**EXERCISE OBJECTIVE**
Nothing but the records, transcribed exactly, should appear in the answer; leave the pictures out.

Stored data
● ● ● ● ● ● ●
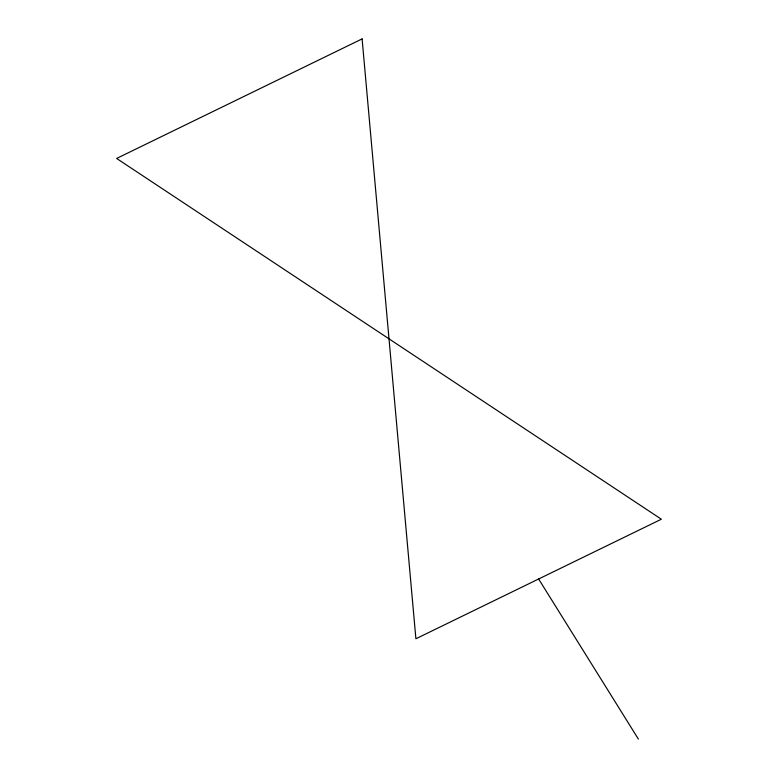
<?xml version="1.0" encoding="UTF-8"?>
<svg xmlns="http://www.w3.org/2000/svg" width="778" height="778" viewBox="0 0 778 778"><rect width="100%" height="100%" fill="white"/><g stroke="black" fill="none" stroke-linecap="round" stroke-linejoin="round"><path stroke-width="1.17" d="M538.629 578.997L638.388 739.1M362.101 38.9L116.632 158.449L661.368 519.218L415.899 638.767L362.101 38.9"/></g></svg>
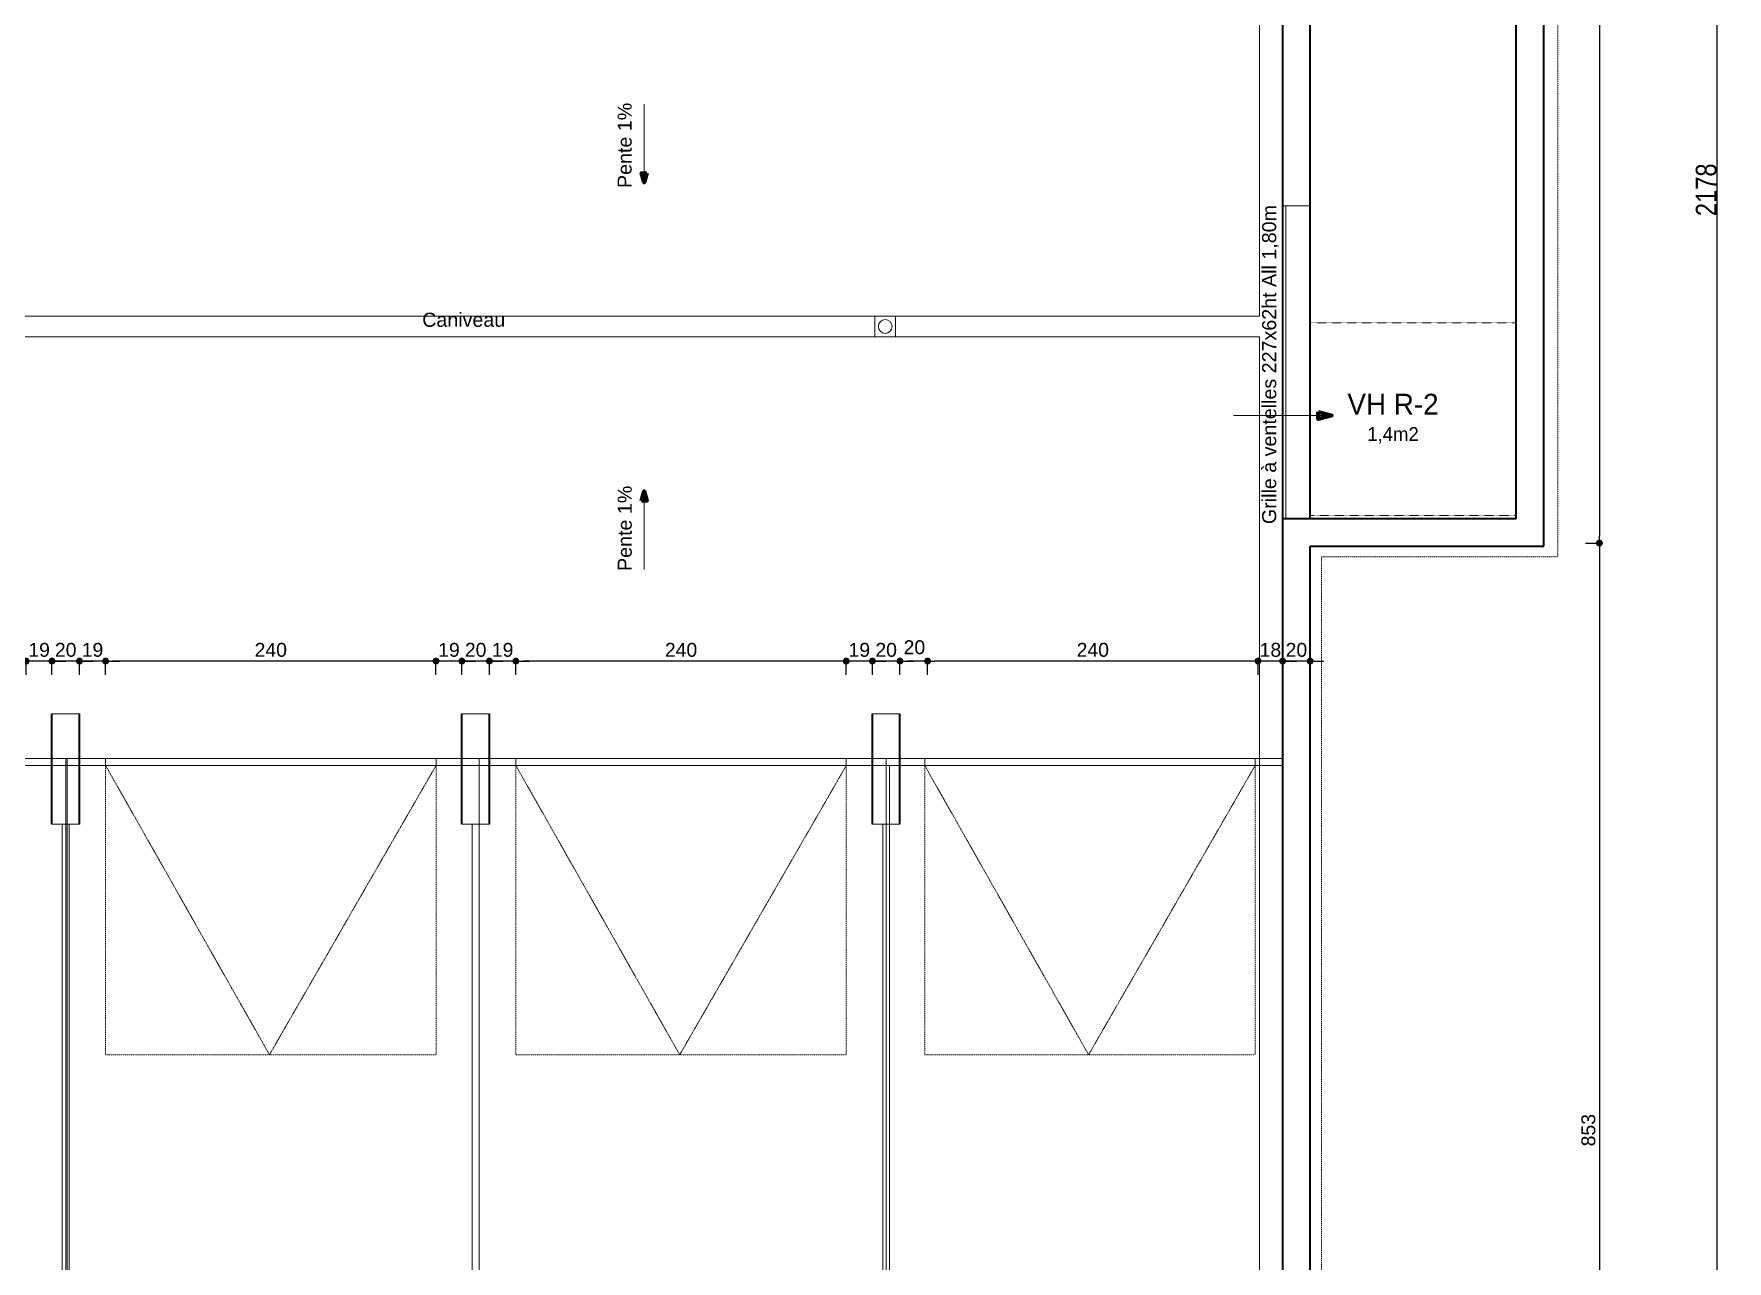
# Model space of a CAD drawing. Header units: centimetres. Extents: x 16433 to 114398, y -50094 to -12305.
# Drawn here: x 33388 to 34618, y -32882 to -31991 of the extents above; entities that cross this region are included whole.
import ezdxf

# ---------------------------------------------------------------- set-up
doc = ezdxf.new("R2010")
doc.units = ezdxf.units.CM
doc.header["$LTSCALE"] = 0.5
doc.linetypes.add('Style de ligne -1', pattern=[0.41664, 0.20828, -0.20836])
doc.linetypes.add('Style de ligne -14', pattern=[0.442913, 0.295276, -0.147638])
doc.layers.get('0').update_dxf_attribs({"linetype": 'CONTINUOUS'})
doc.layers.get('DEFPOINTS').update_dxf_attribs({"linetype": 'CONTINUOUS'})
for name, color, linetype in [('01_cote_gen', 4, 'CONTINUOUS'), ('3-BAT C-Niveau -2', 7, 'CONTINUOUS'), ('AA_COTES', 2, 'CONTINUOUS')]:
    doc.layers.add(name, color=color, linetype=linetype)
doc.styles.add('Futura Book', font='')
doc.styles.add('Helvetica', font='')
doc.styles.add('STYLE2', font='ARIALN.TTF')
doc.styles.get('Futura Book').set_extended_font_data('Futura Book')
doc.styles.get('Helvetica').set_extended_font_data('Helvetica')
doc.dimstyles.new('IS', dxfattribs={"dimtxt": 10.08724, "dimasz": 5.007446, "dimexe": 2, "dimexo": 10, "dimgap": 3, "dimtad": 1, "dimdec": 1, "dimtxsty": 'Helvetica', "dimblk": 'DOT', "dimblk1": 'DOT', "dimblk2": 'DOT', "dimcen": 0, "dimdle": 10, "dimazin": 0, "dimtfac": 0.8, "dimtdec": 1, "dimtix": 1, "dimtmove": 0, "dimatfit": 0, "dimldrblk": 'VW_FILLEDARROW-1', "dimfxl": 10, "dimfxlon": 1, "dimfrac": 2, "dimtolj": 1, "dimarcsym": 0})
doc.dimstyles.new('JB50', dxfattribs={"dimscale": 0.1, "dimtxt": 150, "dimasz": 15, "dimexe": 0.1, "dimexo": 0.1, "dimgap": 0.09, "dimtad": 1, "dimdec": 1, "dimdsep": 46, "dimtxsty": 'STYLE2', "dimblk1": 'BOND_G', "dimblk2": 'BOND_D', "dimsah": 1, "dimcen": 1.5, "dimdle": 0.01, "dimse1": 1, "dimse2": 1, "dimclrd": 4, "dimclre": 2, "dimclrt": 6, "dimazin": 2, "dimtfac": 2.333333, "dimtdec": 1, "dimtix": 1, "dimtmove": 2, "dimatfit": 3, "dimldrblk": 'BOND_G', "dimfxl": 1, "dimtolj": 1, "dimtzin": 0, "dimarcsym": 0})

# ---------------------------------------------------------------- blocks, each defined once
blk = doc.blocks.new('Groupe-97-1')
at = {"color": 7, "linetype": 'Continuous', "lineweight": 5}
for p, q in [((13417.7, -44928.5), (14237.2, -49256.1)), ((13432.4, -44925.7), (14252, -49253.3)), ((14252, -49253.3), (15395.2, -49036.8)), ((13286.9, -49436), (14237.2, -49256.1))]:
● ● ● ● ● ● ●
**WRITTEN SOLUTION**
<?xml version="1.0" encoding="UTF-8"?>
<svg xmlns="http://www.w3.org/2000/svg" width="778" height="778" viewBox="0 0 778 778"><rect width="100%" height="100%" fill="white"/><g stroke="black" fill="none" stroke-linecap="round" stroke-linejoin="round"><path stroke-width="1.17" d="M538.629 578.997L638.388 739.1M362.101 38.9L116.632 158.449L661.368 519.218L415.899 638.767L362.101 38.9"/></g></svg>
# Model space of a CAD drawing. Header units: centimetres. Extents: x 16433 to 114398, y -50094 to -12305.
# Drawn here: x 33388 to 34618, y -32882 to -31991 of the extents above; entities that cross this region are included whole.
import ezdxf

# ---------------------------------------------------------------- set-up
doc = ezdxf.new("R2010")
doc.units = ezdxf.units.CM
doc.header["$LTSCALE"] = 0.5
doc.linetypes.add('Style de ligne -1', pattern=[0.41664, 0.20828, -0.20836])
doc.linetypes.add('Style de ligne -14', pattern=[0.442913, 0.295276, -0.147638])
doc.layers.get('0').update_dxf_attribs({"linetype": 'CONTINUOUS'})
doc.layers.get('DEFPOINTS').update_dxf_attribs({"linetype": 'CONTINUOUS'})
for name, color, linetype in [('01_cote_gen', 4, 'CONTINUOUS'), ('3-BAT C-Niveau -2', 7, 'CONTINUOUS'), ('AA_COTES', 2, 'CONTINUOUS')]:
    doc.layers.add(name, color=color, linetype=linetype)
doc.styles.add('Futura Book', font='')
doc.styles.add('Helvetica', font='')
doc.styles.add('STYLE2', font='ARIALN.TTF')
doc.styles.get('Futura Book').set_extended_font_data('Futura Book')
doc.styles.get('Helvetica').set_extended_font_data('Helvetica')
doc.dimstyles.new('IS', dxfattribs={"dimtxt": 10.08724, "dimasz": 5.007446, "dimexe": 2, "dimexo": 10, "dimgap": 3, "dimtad": 1, "dimdec": 1, "dimtxsty": 'Helvetica', "dimblk": 'DOT', "dimblk1": 'DOT', "dimblk2": 'DOT', "dimcen": 0, "dimdle": 10, "dimazin": 0, "dimtfac": 0.8, "dimtdec": 1, "dimtix": 1, "dimtmove": 0, "dimatfit": 0, "dimldrblk": 'VW_FILLEDARROW-1', "dimfxl": 10, "dimfxlon": 1, "dimfrac": 2, "dimtolj": 1, "dimarcsym": 0})
doc.dimstyles.new('JB50', dxfattribs={"dimscale": 0.1, "dimtxt": 150, "dimasz": 15, "dimexe": 0.1, "dimexo": 0.1, "dimgap": 0.09, "dimtad": 1, "dimdec": 1, "dimdsep": 46, "dimtxsty": 'STYLE2', "dimblk1": 'BOND_G', "dimblk2": 'BOND_D', "dimsah": 1, "dimcen": 1.5, "dimdle": 0.01, "dimse1": 1, "dimse2": 1, "dimclrd": 4, "dimclre": 2, "dimclrt": 6, "dimazin": 2, "dimtfac": 2.333333, "dimtdec": 1, "dimtix": 1, "dimtmove": 2, "dimatfit": 3, "dimldrblk": 'BOND_G', "dimfxl": 1, "dimtolj": 1, "dimtzin": 0, "dimarcsym": 0})

# ---------------------------------------------------------------- blocks, each defined once
blk = doc.blocks.new('Groupe-97-1')
at = {"color": 7, "linetype": 'Continuous', "lineweight": 5}
for p, q in [((13417.7, -44928.5), (14237.2, -49256.1)), ((13432.4, -44925.7), (14252, -49253.3)), ((14252, -49253.3), (15395.2, -49036.8)), ((13286.9, -49436), (14237.2, -49256.1))]:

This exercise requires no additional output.